Let us look at a few examples of how our relationship with
our sex, gender or sexuality impacts our mental health.
Seema is a young unmarried woman with a child. While her family is supportive of her personal choice to be an unmarried mother, she faces stigmatization from her neighbours and housing association members. These experiences have impacted Seema’s confidence and she feels very scared when leaving the house, expecting to face insults or abuse, and has started avoiding going out. She finds comfort and strength in spending time with her daughter and family and knowing that she is a good mother.
Meghna just started college and came out to her parents as queer. Her parents were very upset and told her not to tell anyone. They are searching for a husband who will “fix her”. Meghna has a girlfriend who she sees in secret, but worries they have no future as her girlfriend refuses to acknowledge the relationship in public. As the pressure to marry intensifies Meghna has felt increasingly trapped and depressed. After experiencing thoughts of suicide she sought help from a counsellor at college who is supporting her.
Ravi is a young man with a successful new start-up. His family depends on him financially and are very proud of what he has achieved. Recently, however, Ravi has started to be troubled by nightmares from his childhood when he was sexually abused by a teacher. He feels irritable and edge throughout the day which has started to affect his productivity at work. He worries that if he were to let anyone know why he is struggling, they would think he was weak and lose respect for him as a man. Ravi joined an anonymous online support group for survivors of abuse and has started to learn some tips from others on how to cope.
Asha is a trans-woman in her mid-twenties. She works in the music industry as an agent. She knows that whenever she meets a new client in person they will be surprised that her appearance is not what they expected. This used to bother her a lot and she would re-play in her mind the way people looked at her or any comments they would make. But the company she works at has a very strong anti-discrimination policy, and with the support of her colleagues she no longer feels upset and worried about meeting new people - if they don’t like her or are rude, that’s on them.
Asif has just left school where he was bullied relentlessly for being feminine and accused of being gay. At home his mother would criticise him and his father would beat him to ‘make a man out of him’. Asif feels confused about his sexuality and his gender. He thinks he might be attracted to both boys and girls and he feels uncomfortable with his body. He feels there must be something wrong with him and after researching online thinks he might have what is called, “gender dysphoria”. He found reading more about it helped him feel less alone, but he still feels unsure what it means for him.
Looking after your mental health
If you are experiencing difficulties with your mental health that are related to your sex, gender or sexuality, there are a few things that can help:
Self-compassion and acceptance
Facing criticism or discrimination from others make us feel beaten down and not good enough. To support ourselves against this kind of pressure, we need to develop self-compassion and acceptance. This enables us to feel more secure, reassured that we are fine just as we are, and know that we deserve to be treated with respect. By making this a part of how we think, we can support ourselves whenever we need it. It helps to try to imagine what this compassionate part would look like. It could be someone you know, a famous person, an animal, or even something you completely invent. Think of how they would accept you just as you are, and what they would say to you to encourage you. The more you think of them and their words, the stronger this part of you will be.
Look after yourself
Look after your physical health: Try to be more active (eg., exercise can help to lift your mood), get good sleep, eat well, and avoid alcohol and drugs.

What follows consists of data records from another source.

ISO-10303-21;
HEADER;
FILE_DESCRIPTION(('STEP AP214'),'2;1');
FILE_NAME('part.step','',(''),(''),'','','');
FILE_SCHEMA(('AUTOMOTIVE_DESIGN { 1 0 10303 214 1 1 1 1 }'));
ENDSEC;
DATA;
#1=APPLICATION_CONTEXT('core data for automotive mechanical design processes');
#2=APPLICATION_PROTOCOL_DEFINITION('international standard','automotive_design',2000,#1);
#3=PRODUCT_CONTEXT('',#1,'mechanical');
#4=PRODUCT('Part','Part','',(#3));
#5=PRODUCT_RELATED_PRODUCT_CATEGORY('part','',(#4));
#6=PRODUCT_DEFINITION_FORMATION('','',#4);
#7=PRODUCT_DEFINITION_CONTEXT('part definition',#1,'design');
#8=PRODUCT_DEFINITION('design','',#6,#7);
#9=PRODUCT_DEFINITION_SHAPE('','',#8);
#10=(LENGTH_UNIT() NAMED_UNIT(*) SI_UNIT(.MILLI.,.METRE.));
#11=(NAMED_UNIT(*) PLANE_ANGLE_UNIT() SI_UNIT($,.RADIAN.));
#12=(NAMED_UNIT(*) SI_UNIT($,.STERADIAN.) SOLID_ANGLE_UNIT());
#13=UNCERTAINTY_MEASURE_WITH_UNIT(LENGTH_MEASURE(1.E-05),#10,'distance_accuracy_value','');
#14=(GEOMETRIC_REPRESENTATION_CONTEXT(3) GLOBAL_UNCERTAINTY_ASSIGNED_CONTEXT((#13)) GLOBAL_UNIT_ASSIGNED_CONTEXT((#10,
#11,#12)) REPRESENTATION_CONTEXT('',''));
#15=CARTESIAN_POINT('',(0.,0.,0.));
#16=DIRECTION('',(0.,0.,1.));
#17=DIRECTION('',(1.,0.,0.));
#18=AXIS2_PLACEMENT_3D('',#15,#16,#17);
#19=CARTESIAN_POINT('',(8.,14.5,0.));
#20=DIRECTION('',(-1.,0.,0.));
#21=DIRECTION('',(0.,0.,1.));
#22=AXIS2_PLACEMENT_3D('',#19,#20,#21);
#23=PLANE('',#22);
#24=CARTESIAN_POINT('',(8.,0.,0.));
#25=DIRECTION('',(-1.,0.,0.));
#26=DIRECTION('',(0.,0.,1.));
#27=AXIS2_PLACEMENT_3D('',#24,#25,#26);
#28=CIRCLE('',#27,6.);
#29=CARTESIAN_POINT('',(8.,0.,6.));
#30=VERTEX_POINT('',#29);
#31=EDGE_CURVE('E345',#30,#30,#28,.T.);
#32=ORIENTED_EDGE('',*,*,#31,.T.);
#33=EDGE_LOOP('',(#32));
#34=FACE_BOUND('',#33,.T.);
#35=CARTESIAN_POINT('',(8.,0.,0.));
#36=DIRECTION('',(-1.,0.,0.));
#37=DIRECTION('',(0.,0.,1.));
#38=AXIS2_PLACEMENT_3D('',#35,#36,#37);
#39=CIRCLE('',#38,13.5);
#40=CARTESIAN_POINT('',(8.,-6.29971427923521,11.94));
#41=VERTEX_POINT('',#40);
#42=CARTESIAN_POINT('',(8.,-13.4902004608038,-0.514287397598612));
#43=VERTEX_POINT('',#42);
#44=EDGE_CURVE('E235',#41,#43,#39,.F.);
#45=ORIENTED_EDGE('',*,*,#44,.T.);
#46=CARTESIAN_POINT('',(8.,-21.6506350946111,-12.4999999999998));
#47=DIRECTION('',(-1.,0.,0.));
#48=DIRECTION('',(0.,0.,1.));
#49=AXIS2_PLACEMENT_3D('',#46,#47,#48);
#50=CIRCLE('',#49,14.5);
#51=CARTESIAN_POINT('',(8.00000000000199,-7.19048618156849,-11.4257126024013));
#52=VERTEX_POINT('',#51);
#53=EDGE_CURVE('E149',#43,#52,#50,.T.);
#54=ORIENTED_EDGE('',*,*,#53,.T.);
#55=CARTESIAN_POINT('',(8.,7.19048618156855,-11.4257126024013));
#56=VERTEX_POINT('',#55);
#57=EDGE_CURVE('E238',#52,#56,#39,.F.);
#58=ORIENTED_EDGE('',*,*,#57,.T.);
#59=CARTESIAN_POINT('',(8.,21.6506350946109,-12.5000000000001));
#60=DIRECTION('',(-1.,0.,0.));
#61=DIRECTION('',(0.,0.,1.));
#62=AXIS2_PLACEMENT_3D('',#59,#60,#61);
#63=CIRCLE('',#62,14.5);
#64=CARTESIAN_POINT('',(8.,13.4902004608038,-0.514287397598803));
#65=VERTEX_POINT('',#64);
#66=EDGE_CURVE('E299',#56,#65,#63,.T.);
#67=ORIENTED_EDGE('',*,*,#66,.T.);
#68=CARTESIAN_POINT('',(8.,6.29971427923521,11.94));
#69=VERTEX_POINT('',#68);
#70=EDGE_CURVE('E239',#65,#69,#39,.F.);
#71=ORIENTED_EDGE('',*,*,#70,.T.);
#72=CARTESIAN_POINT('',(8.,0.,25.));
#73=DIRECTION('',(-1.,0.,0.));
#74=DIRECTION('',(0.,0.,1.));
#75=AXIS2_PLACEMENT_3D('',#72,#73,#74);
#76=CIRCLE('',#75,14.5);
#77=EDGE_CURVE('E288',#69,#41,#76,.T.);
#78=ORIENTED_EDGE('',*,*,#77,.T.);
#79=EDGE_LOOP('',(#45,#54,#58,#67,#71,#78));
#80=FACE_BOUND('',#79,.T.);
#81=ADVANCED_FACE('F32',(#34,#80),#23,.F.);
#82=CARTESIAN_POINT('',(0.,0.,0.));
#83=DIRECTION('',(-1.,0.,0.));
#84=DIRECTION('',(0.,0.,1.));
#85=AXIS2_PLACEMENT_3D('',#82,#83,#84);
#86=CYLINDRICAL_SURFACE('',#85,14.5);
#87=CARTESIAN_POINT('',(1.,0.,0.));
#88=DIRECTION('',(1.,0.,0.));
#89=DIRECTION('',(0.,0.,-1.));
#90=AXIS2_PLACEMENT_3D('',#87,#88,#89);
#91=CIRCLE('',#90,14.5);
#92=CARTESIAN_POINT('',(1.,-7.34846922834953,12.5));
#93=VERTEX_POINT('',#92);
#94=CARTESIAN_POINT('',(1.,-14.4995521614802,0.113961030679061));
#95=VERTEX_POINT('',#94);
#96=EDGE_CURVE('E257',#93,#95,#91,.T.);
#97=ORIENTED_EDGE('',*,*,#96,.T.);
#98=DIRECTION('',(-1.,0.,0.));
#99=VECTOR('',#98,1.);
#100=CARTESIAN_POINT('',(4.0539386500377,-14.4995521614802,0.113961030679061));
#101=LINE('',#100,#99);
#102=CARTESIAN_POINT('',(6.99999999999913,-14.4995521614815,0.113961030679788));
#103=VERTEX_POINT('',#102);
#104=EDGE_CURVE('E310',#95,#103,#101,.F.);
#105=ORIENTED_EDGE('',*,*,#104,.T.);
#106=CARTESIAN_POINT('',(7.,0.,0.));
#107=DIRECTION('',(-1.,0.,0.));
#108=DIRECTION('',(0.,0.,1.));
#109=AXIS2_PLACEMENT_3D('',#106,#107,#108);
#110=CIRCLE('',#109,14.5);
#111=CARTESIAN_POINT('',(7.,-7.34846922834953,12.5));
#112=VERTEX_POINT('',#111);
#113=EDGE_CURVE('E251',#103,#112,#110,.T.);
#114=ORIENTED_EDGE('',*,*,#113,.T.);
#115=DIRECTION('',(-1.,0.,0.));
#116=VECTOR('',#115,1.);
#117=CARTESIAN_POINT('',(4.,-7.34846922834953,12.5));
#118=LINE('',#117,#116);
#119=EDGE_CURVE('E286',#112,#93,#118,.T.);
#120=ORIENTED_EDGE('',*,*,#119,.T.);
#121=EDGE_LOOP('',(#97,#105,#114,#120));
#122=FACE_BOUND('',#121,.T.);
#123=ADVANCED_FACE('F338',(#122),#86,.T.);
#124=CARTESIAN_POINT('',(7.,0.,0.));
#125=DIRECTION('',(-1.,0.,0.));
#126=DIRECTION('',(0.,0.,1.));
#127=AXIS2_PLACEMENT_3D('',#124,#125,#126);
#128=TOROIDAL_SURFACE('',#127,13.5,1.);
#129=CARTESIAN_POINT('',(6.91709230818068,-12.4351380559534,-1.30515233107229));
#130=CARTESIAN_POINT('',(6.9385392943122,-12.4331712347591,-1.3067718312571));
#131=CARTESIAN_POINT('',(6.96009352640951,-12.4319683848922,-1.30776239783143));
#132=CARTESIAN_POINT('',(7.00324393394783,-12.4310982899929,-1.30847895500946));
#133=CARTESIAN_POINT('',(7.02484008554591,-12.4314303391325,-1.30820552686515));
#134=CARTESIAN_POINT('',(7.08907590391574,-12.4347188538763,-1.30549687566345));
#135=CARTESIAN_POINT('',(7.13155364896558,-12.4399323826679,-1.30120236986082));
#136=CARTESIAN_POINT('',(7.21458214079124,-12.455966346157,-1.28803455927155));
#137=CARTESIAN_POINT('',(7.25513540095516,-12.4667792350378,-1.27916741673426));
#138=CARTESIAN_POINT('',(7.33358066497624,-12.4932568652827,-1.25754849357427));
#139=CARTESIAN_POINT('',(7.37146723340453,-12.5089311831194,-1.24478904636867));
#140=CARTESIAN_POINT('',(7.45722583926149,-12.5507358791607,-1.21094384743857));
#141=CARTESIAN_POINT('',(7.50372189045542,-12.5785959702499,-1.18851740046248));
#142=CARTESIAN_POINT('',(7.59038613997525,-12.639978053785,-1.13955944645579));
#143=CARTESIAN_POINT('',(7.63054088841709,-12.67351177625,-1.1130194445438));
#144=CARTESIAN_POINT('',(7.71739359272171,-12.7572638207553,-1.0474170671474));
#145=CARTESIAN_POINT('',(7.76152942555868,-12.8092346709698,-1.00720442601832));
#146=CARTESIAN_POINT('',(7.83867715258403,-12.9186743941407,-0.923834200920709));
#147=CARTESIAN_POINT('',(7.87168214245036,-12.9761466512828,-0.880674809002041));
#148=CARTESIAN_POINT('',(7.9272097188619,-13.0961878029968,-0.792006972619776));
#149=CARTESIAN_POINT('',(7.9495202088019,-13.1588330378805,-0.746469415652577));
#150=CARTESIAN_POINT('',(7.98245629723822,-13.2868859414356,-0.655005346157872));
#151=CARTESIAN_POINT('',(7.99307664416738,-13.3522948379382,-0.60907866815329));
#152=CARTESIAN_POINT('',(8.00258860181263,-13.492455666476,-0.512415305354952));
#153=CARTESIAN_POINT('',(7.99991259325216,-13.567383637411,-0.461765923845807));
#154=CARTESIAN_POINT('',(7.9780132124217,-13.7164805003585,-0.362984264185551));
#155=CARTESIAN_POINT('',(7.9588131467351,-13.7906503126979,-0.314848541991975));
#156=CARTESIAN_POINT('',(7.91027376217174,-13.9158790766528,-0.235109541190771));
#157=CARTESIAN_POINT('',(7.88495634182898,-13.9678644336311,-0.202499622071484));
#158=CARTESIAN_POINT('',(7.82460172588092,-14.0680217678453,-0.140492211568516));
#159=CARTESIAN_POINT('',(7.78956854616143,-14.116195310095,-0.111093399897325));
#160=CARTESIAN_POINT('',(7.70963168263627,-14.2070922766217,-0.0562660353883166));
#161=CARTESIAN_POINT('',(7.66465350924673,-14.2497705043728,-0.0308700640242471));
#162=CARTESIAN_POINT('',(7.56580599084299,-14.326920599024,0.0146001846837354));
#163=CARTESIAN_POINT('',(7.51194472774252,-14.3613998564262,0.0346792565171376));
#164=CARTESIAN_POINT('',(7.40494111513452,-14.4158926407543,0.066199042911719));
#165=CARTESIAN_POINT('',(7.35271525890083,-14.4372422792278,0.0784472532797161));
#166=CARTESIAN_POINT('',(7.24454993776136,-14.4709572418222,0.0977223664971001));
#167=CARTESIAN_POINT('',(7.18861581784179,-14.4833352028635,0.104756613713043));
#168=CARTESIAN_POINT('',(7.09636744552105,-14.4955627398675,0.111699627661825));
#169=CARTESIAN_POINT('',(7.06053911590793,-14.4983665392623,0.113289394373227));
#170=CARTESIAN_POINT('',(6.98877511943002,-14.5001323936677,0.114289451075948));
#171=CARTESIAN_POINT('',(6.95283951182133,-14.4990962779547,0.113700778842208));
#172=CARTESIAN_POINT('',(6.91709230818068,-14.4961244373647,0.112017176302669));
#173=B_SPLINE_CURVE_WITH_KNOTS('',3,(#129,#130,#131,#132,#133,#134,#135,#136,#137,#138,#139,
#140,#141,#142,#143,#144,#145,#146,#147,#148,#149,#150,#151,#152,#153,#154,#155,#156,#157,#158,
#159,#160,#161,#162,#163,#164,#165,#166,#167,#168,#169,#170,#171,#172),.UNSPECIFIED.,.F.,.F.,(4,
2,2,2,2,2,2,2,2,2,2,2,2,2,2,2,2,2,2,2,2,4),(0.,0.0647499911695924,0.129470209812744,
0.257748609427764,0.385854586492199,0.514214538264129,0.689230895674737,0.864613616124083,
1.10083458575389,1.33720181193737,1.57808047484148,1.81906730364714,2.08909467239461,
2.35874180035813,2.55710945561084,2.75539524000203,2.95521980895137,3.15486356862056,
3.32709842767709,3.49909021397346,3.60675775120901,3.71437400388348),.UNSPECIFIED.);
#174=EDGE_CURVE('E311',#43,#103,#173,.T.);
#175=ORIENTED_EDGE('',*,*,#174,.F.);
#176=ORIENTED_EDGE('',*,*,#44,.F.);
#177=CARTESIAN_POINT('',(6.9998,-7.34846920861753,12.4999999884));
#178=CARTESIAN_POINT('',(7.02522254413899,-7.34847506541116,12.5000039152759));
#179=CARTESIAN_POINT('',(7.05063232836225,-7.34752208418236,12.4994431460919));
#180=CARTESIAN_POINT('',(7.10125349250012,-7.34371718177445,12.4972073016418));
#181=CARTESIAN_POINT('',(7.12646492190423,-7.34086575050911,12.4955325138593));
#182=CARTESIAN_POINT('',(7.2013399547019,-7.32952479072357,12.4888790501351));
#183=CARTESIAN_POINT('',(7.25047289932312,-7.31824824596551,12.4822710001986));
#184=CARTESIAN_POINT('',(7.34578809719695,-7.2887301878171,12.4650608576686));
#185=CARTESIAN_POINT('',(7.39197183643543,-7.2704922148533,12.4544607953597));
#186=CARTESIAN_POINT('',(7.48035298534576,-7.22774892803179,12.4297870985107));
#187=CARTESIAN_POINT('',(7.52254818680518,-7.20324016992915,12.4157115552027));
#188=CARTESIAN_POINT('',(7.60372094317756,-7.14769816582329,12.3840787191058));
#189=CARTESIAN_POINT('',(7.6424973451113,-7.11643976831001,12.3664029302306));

Do things that are important to you: Plan daily activities that are meaningful to you: these could be things you need to do, things that give you a sense of connection with other people or things that give you pleasure.

Practice relaxation: Taking some time out each day to relax by practicing deep breathing, doing some simple stretches, listening to music, or following a relaxation exercise or guided meditation online.
Get professional support
Reading about or speaking to other people who have gone through similar struggles can help us feel less alone and even help to understand our own experiences better. Have a look at our stories {link to Mann mela stories or at ItsOkToTalk.in {link} to find other young people talking about a range of issues to do with sex, gender, sexuality and mental health. You can also find support groups, organisations and mental health services across India that are specific to women or LGBTQ+ individuals. Some service options are listed below and you can also try searching online for ‘LGBTQ+ friendly mental health services’ in your area. Remember it is up to you if you agree with any mental health professional’s recommendations for treatment or not.
LGBTQ+ services
Ya’all helpline: Peer support for LGBTQ+ individuals in Manipur +91 6009032883

Nazariya QFRG: Peer counselling for LGBTQ+ individuals +91 9818151707 (Monday-Friday 10 am-6PM)

Orinam: support and resources for LGBT people and their families http://orinam.net/

Sappho for Equality: safe space, peer counsellng, crisis intervention, and resource centre for lesbians, bisexual women and F to M transpersons in Eastern India +91 98315 18320 (open every day from 10 am to 9 pm for anyone india).
Women’s services
Counselling support for Survivors of Domestic/Sexual Violence:

Swayam: +91 98307 72814 Monday - Friday, 10 am -2 pm. Counsellors fluent in English, Hindi & Bengali.

Helplines for women facing domestic/sexual violence

Swayam (Kolkata): 9830079448, 98302 04393, 98302 04322, 98307 37030, 98307 47030, Monday to Friday, 10 am - 6 pm daily.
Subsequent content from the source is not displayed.